Alors why the hell je suis restée avec lui? J’ai mis vraiment du temps avant de trouver des éléments de réponse. Ce que je peux dire c’est que je voyais très bien les red flags, mais j’étais tellement bien avec ce gars hors sexualité que je me disais que je pouvais faire abstraction, je me disais qu’il se lasserait du sexe aussi. Pénétration sept jours sur sept pendant des années de relation, sans exception : il allait forcément se fatiguer avec ce rythme là! Alors je profitais tellement du reste de l’aventure, de nos connexions spirituelles, de nos fous rires, nos points communs, nos projets. Et cela peut paraître improbable, mais il était très attentionné, très à l’écoute et m’apportait son soutien et son encouragement dans les autres facettes de nos vies.

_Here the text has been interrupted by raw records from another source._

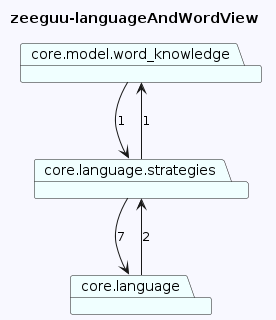

The diagram above was rendered by PlantUML. Its source (embedded in the PNG):
@startuml
skinparam backgroundColor GhostWhite
title zeeguu-languageAndWordView
package "core.model.word_knowledge" #Azure
package "core.language.strategies" #Azure
package "core.language" #Azure
"core.model.word_knowledge"-->"core.language.strategies"  : 1
"core.language.strategies"-->"core.language"  : 7
"core.language.strategies"-->"core.model.word_knowledge"  : 1
"core.language"-->"core.language.strategies"  : 2
@enduml

Il était le backup de mon manque de confiance en moi, il croyait en moi et me le montrait tous les jours.
J’avais l’impression d’avoir deux personnes en face de moi: une personne géniale 23h30 sur 24 et un énorme trou de cul 30 minutes par jour. Aujourd’hui je n’hésiterais pas, ça dégage. Mais à l’époque, je le voyais comme un match presque parfait! Et j’avais peu vécu ça dans le passé, je sortais d’une relation avec quelqu’un de très respectueux sexuellement parlant, mais avec qui je n’avais aucun point commun, alors j’ai dans cette nouvelle relation j’ai un peu (totalement…) fait abstraction du respect pour profiter à fond des éléments qui nous connectaient vraiment. Mais maintenant, je me rends compte que cette connexion était totalement biaisée. D’après moi, on ne peut pas séparer à ce point les relations intimes de la relation elle-même. Le respect reste du respect, et s’il n’est pas là pendant le sexe alors il ne l’est pas envers ma personne de manière générale. En effet, au bout d’un an, il a fini par me montrer qu’il ne me respectait pas vraiment, même en dehors du lit. J’ai eu besoin de ça pour ouvrir les yeux: je ne voulais / pouvais plus vivre ça. Je voulais et veux toujours du respect 24h / 24h ou rien.
Maintenant que j’ai pu partager des moments intimes avec d’autres personnes, j’ai compris plein de choses sur le sexe. J’ai réappris l’intimité. Le sexe à deux c’est avant tout un feeling, un respect mutuel, un partage. Il y a une certaine vulnérabilité touchante aussi, on se met à nu, on s’ouvre. Et la condition ultime pour pouvoir le faire, c’est le SAFE SPACE. Un environnement sain, dans lequel monsieur ou madame me respecte et je le / la respecte en retour. Un environnement dans lequel l’observation et l’écoute sont primordiaux, car la communication non verbale est bien souvent au coeur de la relation sexuelle. La communication verbale aussi, on s’entend! Les deux doivent se mêler pour créer un espace de confiance.
En tout cas, cette fois, j’ai bien préparé toutes mes amies, si jamais elles ressentent un nouveau red flag de ce genre dans mes futures relations, qu’elles m’enferment jusqu’à ce que j’accepte d’y mettre fin. Non je rigole (ou pas), la vérité c’est que je n’ai aucun doute qu’aujourd’hui j’ai bien appris la leçon et je suis révoltée plus que jamais. J’ai envie de me battre pour que nous comprenions toustes ce qu’est le consentement. Je veux que ce soit enseigné dans les écoles, je veux que ça passe à la télé, je veux que ce soit affiché dans les rues. Je veux qu’on en parle, qu’on boive ce mot jusqu’à ce qu’il soit de nouveau mis à sa place: dans le gros bon sens commun, celui qui coule de source, celui qui va de soi, celui qu’on ne remet jamais en question, qui est gravé dans la roche, ancré dans nos coeurs et dans nos esprits, et qui perdure sans faille à travers des générations.